NEW: Host: scsi1 Channel: 00 Id: 01 Lun: 00
Vendor: VMware Model: Virtual disk Rev: 1.0
Type: Direct-Access ANSI SCSI revision: 02
Scanning for device 1 0 1 0 ...
OLD: Host: scsi1 Channel: 00 Id: 01 Lun: 00
Vendor: VMware Model: Virtual disk Rev: 1.0
Type: Direct-Access ANSI SCSI revision: 02
0 new device(s) found.
0 device(s) removed.

The scan output will show you the devices it finds, and as you can see above, it was able to locate 3 “Virtual disk” drives.

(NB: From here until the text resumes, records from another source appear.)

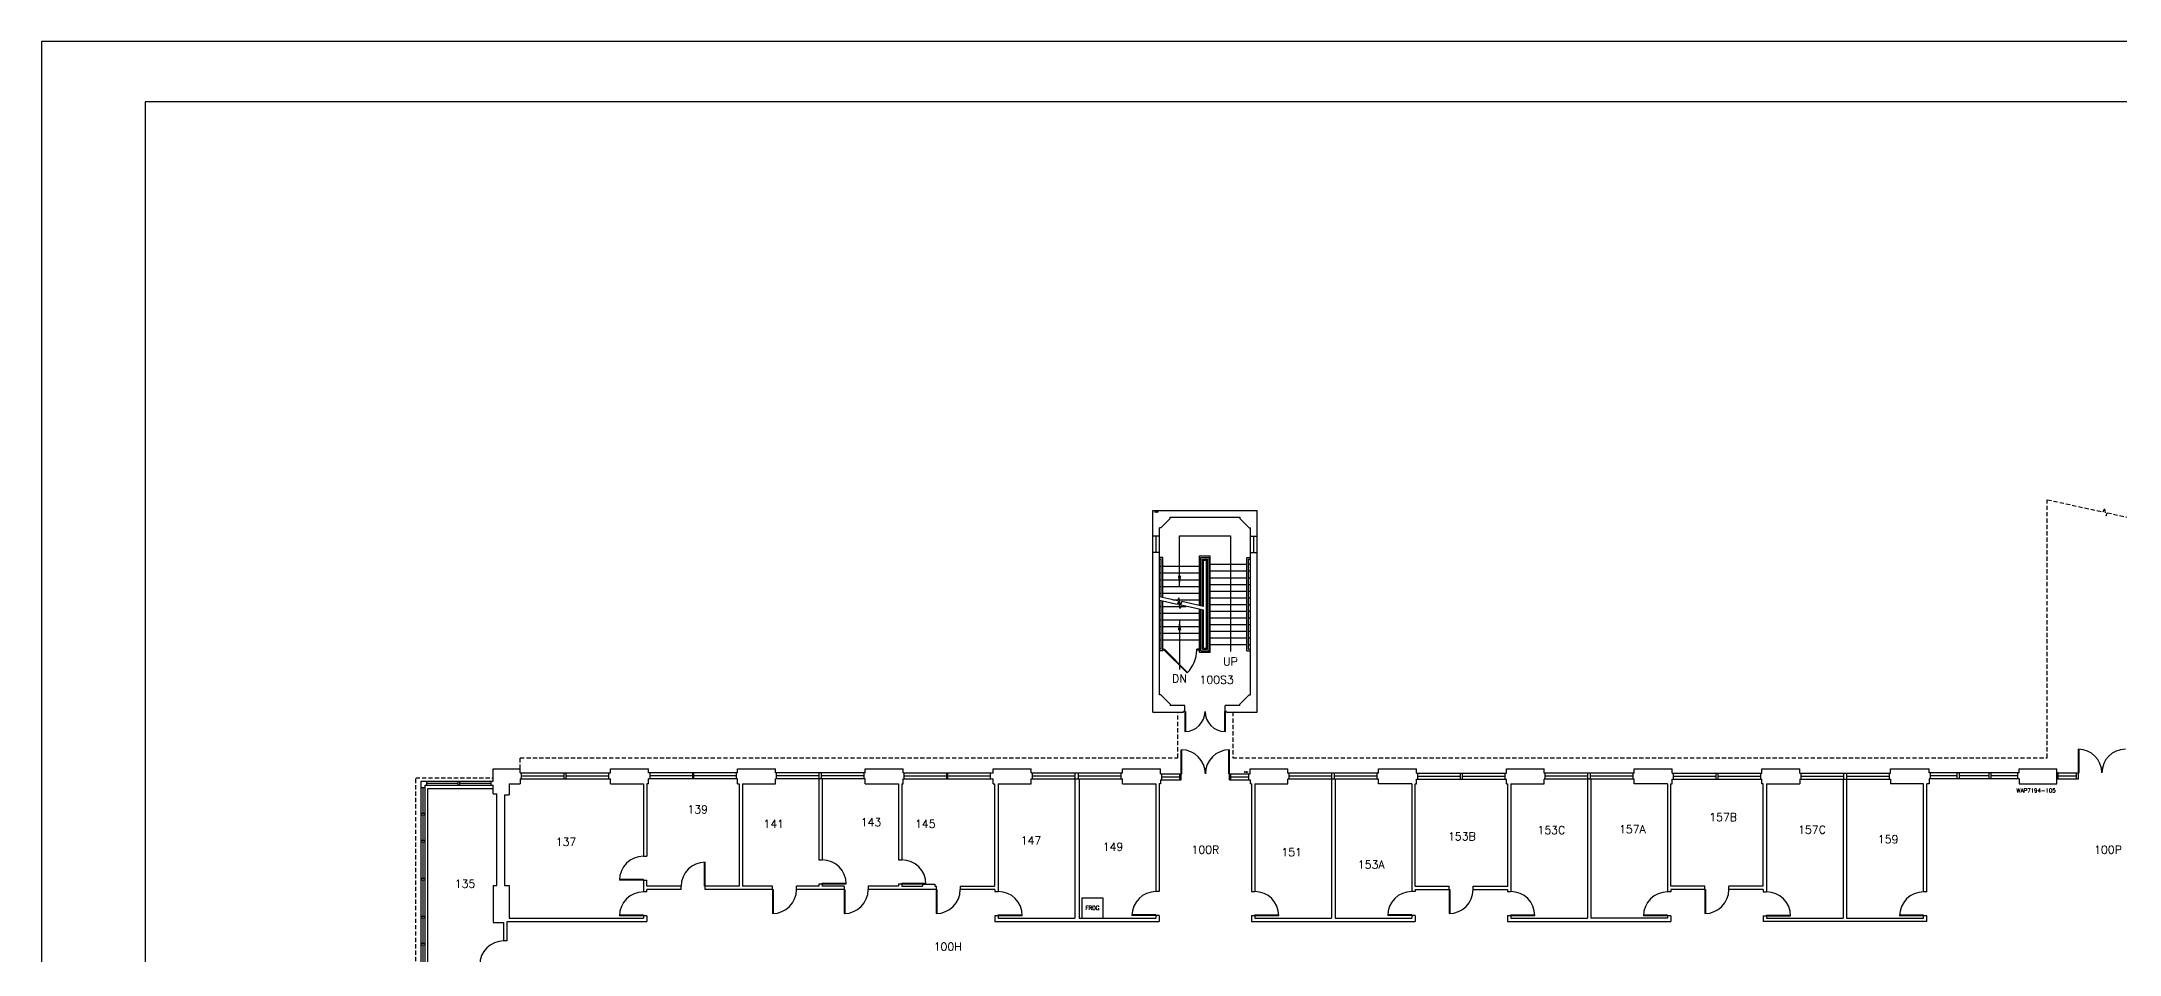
# Model space of a CAD drawing. Header units: inches. Extents: x -10292 to -5324, y 13582 to 17307.
# Drawn here: x -10292 to -7176, y 15939 to 17307 of the extents above; entities that cross this region are included whole.
import ezdxf
from ezdxf.enums import TextEntityAlignment as Align

# ---------------------------------------------------------------- set-up
doc = ezdxf.new("R2010")
doc.units = ezdxf.units.IN
doc.header["$MEASUREMENT"] = 0
doc.linetypes.add('HIDDEN', pattern=[9.525, 6.35, -3.175])
for name, color, linetype in [('A-ANNO-MTLB', 7, 'Continuous'), ('A-AREA-IDEN', 7, 'Continuous'), ('A-DOOR', 3, 'Continuous'), ('A-EQPM', 9, 'Continuous'), ('A-FLOR-HRAL', 4, 'Continuous'), ('A-FLOR-OVHD', 2, 'HIDDEN'), ('A-FLOR-STRS', 9, 'Continuous'), ('A-GLAZ', 5, 'Continuous'), ('A-WALL-FULL', 7, 'Continuous'), ('A-WALL-PRHT', 8, 'Continuous'), ('T-WIFI-WAPS', 8, 'Continuous')]:
    doc.layers.add(name, color=color, linetype=linetype)
doc.styles.get("Standard").update_dxf_attribs({"font": 'romans.shx', "height": 12})
doc.dimstyles.get("Standard").update_dxf_attribs({"dimtxt": 0.18, "dimasz": 0.18, "dimexe": 0.18, "dimexo": 0.0625, "dimgap": 0.09, "dimtad": 0, "dimtih": 1, "dimtoh": 1, "dimdec": 4, "dimzin": 0, "dimdsep": 46, "dimtxsty": 'Standard', "dimcen": 0.09, "dimadec": 0, "dimazin": 0, "dimtfac": 1, "dimtdec": 4, "dimtofl": 0, "dimtmove": 0, "dimatfit": 3, "dimfxl": 0, "dimtolj": 1, "dimtzin": 0, "dimarcsym": 0})

# ---------------------------------------------------------------- blocks, each defined once
blk = doc.blocks.new('A-ANNO-MTLB')
at = {"layer": 'A-ANNO-MTLB'}
for points in [[(5460.6, 4095.5), (0, 4095.5), (0, 0), (5460.6, 0)], [(170.6, 99.5), (5375.3, 99.5), (5375.3, 3995.9), (170.6, 3995.9)]]:
    blk.add_lwpolyline(points, close=True, dxfattribs=at)
for tag, height, p in [('SYSTEM', 56.9, (5218.6, 3186.2)), ('ADDRESS', 28.4, (5336.8, 3182.1)), ('SCALE', 28.4, (5250.6, 2258.1)), ('DATE', 28.4, (5337.2, 2251.5)), ('BLDG_ID', 28.4, (5342.9, 1750.3)), ('BLDG_NAME', 56.9, (5221.1, 1198.2)), ('FLOOR_ID', 28.4, (5342.9, 1187)), ('FLOOR_NAME', 28.4, (5338, 698.6))]:
    blk.add_attdef(tag, text='', height=height, rotation=90, dxfattribs=at).set_placement(p, align=Align.MIDDLE_CENTER)
blk.add_attdef('NUMBER', text='', height=51.8, dxfattribs=at).set_placement((5264.6, 215.3), align=Align.MIDDLE_CENTER)

msp = doc.modelspace()

# ---------------------------------------------------------------- linework, layer by layer
at = {"layer": 'A-DOOR'}
for p, q in [((-8577.3, 16303.3), (-8577.3, 16273.3)), ((-8577.3, 16303.3), (-8576.3, 16303.3)), ((-8576.3, 16303.3), (-8576.3, 16273.3)), ((-8517.3, 16303.3), (-8518.3, 16303.3)), ((-8518.3, 16303.3), (-8518.3, 16273.3)), ((-8517.3, 16303.3), (-8517.3, 16273.3)), ((-8582.8, 16209.8), (-8582.8, 16245.8)), ((-8581.8, 16209.8), (-8581.8, 16245.8)), ((-8511.8, 16209.8), (-8511.8, 16245.8)), ((-8510.8, 16209.8), (-8510.8, 16245.8)), ((-7237.8, 16211.3), (-7237.8, 16246.6)), ((-7236.8, 16211.3), (-7236.8, 16246.6)), ((-8582.8, 16209.8), (-8581.8, 16209.8)), ((-8510.8, 16209.8), (-8511.8, 16209.8)), ((-7237.8, 16211.3), (-7236.8, 16211.3)), ((-9297.8, 16041.3), (-9297.8, 16077.3)), ((-9296.8, 16041.3), (-9296.8, 16077.3)), ((-9389.3, 16051.3), (-9425.3, 16051.3)), ((-9389.3, 16050.3), (-9425.3, 16050.3)), ((-9389.3, 16050.3), (-9389.3, 16051.3)), ((-9121.3, 16044.8), (-9121.3, 16045.8)), ((-9121.3, 16045.8), (-9085.3, 16045.8)), ((-9001.8, 16044.8), (-9001.8, 16045.8)), ((-9001.8, 16045.8), (-8965.8, 16045.8)), ((-9296.8, 16041.3), (-9297.8, 16041.3)), ((-9195.8, 16036.3), (-9195.8, 16000.3)), ((-9195.8, 16036.3), (-9194.8, 16036.3)), ((-9194.8, 16036.3), (-9194.8, 16000.3)), ((-9121.3, 16044.8), (-9085.3, 16044.8)), ((-9088.3, 16036.3), (-9088.3, 16000.3)), ((-9088.3, 16036.3), (-9087.3, 16036.3)), ((-9087.3, 16036.3), (-9087.3, 16000.3)), ((-9001.8, 16044.8), (-8965.8, 16044.8)), ((-8950.3, 16036.3), (-8950.3, 16000.3)), ((-8950.3, 16036.3), (-8949.3, 16036.3)), ((-8949.3, 16036.3), (-8949.3, 16000.3)), ((-8181.3, 16036.3), (-8181.3, 16000.3)), ((-8181.3, 16036.3), (-8180.3, 16036.3)), ((-8180.3, 16036.3), (-8180.3, 16000.3)), ((-7797.8, 16036.3), (-7797.8, 16000.3)), ((-7797.8, 16036.3), (-7796.8, 16036.3)), ((-7796.8, 16036.3), (-7796.8, 16000.3)), ((-9389.3, 15997.8), (-9425.3, 15997.8)), ((-9389.3, 15996.8), (-9425.3, 15996.8)), ((-9389.3, 15996.8), (-9389.3, 15997.8)), ((-8857.3, 15997.3), (-8857.3, 15998.3)), ((-8857.3, 15998.3), (-8821.3, 15998.3)), ((-8857.3, 15997.3), (-8821.3, 15997.3)), ((-8620.8, 15998.3), (-8656.8, 15998.3)), ((-8620.8, 15997.3), (-8656.8, 15997.3)), ((-8620.8, 15997.3), (-8620.8, 15998.3)), ((-8472.8, 15997.3), (-8472.8, 15998.3)), ((-8472.8, 15998.3), (-8436.8, 15998.3)), ((-8472.8, 15997.3), (-8436.8, 15997.3)), ((-8237.3, 15998.3), (-8273.3, 15998.3)), ((-8237.3, 15997.3), (-8273.3, 15997.3)), ((-8237.3, 15997.3), (-8237.3, 15998.3)), ((-8088.8, 15997.3), (-8088.8, 15998.3)), ((-8088.8, 15998.3), (-8052.8, 15998.3)), ((-8088.8, 15997.3), (-8052.8, 15997.3)), ((-7853.8, 15997.8), (-7889.8, 15997.8)), ((-7853.8, 15996.8), (-7889.8, 15996.8)), ((-7853.8, 15996.8), (-7853.8, 15997.8)), ((-7705.3, 15996.8), (-7705.3, 15997.8)), ((-7705.3, 15997.8), (-7669.3, 15997.8)), ((-7705.3, 15996.8), (-7669.3, 15996.8)), ((-7469.8, 15997.8), (-7505.8, 15997.8)), ((-7469.8, 15996.8), (-7505.8, 15996.8)), ((-7469.8, 15996.8), (-7469.8, 15997.8))]:
    msp.add_line(p, q, dxfattribs=at)
for centre, radius, start, end in [((-8577.3, 16303.3), 30, 270, 0), ((-8517.3, 16303.3), 30, 180, 270), ((-8582.8, 16209.8), 36, 0, 90), ((-8510.8, 16209.8), 36, 90, 180), ((-7237.8, 16211.3), 35.2, 0, 90), ((-7167.3, 16211.3), 35.2, 90, 180), ((-9389.3, 16050.3), 36, 90, 180), ((-9296.8, 16041.3), 36, 90, 180), ((-9121.3, 16044.8), 36, 0, 90), ((-9001.8, 16044.8), 36, 0, 90), ((-9389.3, 15996.8), 36, 90, 180), ((-9195.8, 16036.3), 36, 270, 0), ((-9088.3, 16036.3), 36, 270, 0), ((-8950.3, 16036.3), 36, 270, 0), ((-8857.3, 15997.3), 36, 0, 90), ((-8620.8, 15997.3), 36, 90, 180), ((-8472.8, 15997.3), 36, 0, 90), ((-8237.3, 15997.3), 36, 90, 180), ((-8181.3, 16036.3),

To verify the machine sees the drives, we can run lsscsi and fdisk again:

$ lsscsi

[0:0:0:0] disk VMware Virtual disk 1.0 /dev/sda
[1:0:0:0] disk VMware Virtual disk 1.0 /dev/sdb
[1:0:1:0] disk VMware Virtual disk 1.0 /dev/sdc

$ fdisk -l

Disk /dev/sda: 9663 MB, 9663676416 bytes
255 heads, 63 sectors/track, 1174 cylinders

Device Boot Start End Blocks Id System
/dev/sda2 652 1173 4192965 82 Linux swap / Solaris

Disk /dev/sdb: 19.3 GB, 19327352832 bytes
255 heads, 63 sectors/track, 2349 cylinders

Device Boot Start End Blocks Id System
/dev/sdb1 1 2349 18868311 83 Linux

Disk /dev/sdc: 1073 MB, 1073741824 bytes
255 heads, 63 sectors/track, 130 cylinders

Disk /dev/sdc doesn't contain a valid partition table

There are various solutions to check for new SCSI devices (Emulex has a tool, QLogic has a tool, you can scan for devices by hand, etc.), the rescan script has proven to be the easiest solution for me. Since I didn’t write the rescan script, use this information at your own risk. It should work flawlessly, but you’re on your own when you run it!